If you’re Apples Never Fall creator Melanie Marnich, you make several cosmetic changes to Liane Moriarty’s novel. The drama moves from Australia to West Palm Beach. The four Delaney children—Troy (Jake Lacy), Brooke (Essie Randles), Amy (Alison Brie), and Logan (Conor Merrigan Turner)—are no longer uniformly tall and olive-skinned. Quite the opposite, really, on the skin tone front. Relationships are shuffled a bit. Unfortunately, these changes fail to elevate the series.

The broad strokes of the plot itself are intriguing. The Delaney parents Joy (Annette Bening) and Stan (Sam Neill) have finally retired from a lifetime of running a tennis center, including their own stints as players and coaches. Rather than a delightful occasion, it churns up all manner of unprocessed relationship issues. Stan is cantankerous and competitive, oscillating between diminishing everyone around him with words and beating them all over the court. Joy, on the other hand, expected to spend her golden years catching up with her children, who lack the time or interest in doing the same.

Apples Never Fall (Peacock)
Georgia Flood is here to drink coffee and blow your mind. She’s all out of cof–no, no, wait. She still has plenty of coffee. (Vince Valitutti/PEACOCK)

 One day, the Delaney matriarch disappears. Stan initially insists she’s merely out shopping before coming clean about having no idea where Joy went or when she might return. He admits they fought before he left, but claims it never went beyond words. More importantly, it has nothing to do with the wound on his face. Meanwhile, the tale flashes back to the arrival of a mysterious woman, Savannah (Georgia Flood), who upends the family long before Joy’s disappearance.

In execution, though, the series feels inert. The mystery resolves in the most deflating manner one could imagine. Savannah’s secrets are underwhelming and her goals incomprehensible. It feels likely Apples Never Fall wants to show how a thousand tiny cuts can shred people and families, but its breathless tone undermines that goal. It wants to elevate the benign to grand tragedy, instead making each “twist” feel more yawn-worthy than the last. 

The show also frequently tips its hand too soon. It expects the audience to be stunned that the Delaneys aren’t perfect when anyone could’ve guessed that from the first family meal. Yes, they turn out to be imperfect in more ways than first apparent, but none of those ways even give pause, never mind shock. At other times, the series is undone by its own fractured storytelling device. For instance, characters frequently know critical facts before the audience. As a result, they often withhold information in situations where no real person would, all in the name of goosing drama.

Apples Never Fall (Peacock)
Conor Merrigan-Turner, Essie Randles, Jake Lacy, and Alison Brie enjoy their cream colored front stoop. (Jasin Boland/PEACOCK)

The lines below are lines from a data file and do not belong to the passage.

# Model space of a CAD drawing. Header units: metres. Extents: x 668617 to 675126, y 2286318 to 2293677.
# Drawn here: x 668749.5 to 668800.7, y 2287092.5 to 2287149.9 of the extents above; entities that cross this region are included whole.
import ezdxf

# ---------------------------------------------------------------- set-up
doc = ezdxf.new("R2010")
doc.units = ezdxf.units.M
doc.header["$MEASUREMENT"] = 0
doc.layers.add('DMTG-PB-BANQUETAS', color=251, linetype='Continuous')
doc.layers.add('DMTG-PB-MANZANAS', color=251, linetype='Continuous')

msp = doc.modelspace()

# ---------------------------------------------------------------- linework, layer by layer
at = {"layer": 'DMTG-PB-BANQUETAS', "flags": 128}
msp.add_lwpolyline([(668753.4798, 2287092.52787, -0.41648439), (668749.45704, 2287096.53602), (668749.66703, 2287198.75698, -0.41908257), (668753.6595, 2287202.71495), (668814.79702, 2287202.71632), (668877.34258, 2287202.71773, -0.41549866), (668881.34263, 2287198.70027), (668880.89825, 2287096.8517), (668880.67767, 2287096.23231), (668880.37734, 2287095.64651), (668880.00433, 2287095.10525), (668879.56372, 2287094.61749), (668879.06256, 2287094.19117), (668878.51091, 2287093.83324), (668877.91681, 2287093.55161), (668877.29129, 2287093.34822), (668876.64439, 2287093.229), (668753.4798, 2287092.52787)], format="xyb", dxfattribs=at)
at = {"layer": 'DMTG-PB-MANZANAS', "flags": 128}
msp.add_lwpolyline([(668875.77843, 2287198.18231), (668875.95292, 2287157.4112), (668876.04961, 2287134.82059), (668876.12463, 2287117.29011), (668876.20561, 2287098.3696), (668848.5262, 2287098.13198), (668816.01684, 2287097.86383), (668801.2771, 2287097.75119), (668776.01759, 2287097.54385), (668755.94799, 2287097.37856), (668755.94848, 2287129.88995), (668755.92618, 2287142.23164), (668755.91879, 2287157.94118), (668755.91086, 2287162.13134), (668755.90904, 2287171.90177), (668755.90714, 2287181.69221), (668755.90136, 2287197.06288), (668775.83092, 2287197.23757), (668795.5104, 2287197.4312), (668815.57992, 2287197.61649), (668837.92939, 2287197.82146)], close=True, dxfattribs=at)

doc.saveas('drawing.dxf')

However, it is not entirely an unmitigated disaster. Apples Never Fall has undeniably appealing aesthetics, for instance. In the manner of other Moriarty adaptations, the Delaney’s have beautiful things and smart taste. Directors Dawn Shadforth and Chris Sweeney wisely film these objects of wealth with an eye that renders them flat and generic. Like the family at the show’s art, the world around them is shallowly pleasing. Ultimately, however, its trappings of wealth feel empty and incapable of eliciting positive emotion, a no doubt intentional choice.

The cast is also quite good even if the material isn’t a strong enough springboard. Flood can’t make Savannah make sense, but has fun trying. As a result, her chaotic appearances feel welcome even as they further unravel any sense of reality in the larger plot. Neill and Bening both give their two-dimensional characters a welcome sense of zing. Even the children, who feel especially left out to dry, are doing good work with bad materials.

Unfortunately, the negatives far outweigh the positives. As a family drama, it has nothing fresh or insightful to say. It is, admittedly, a shade better as a mystery. Still, it becomes difficult to justify the journey once the truth stands revealed. Turns out apples don’t need to fall to turn rotten.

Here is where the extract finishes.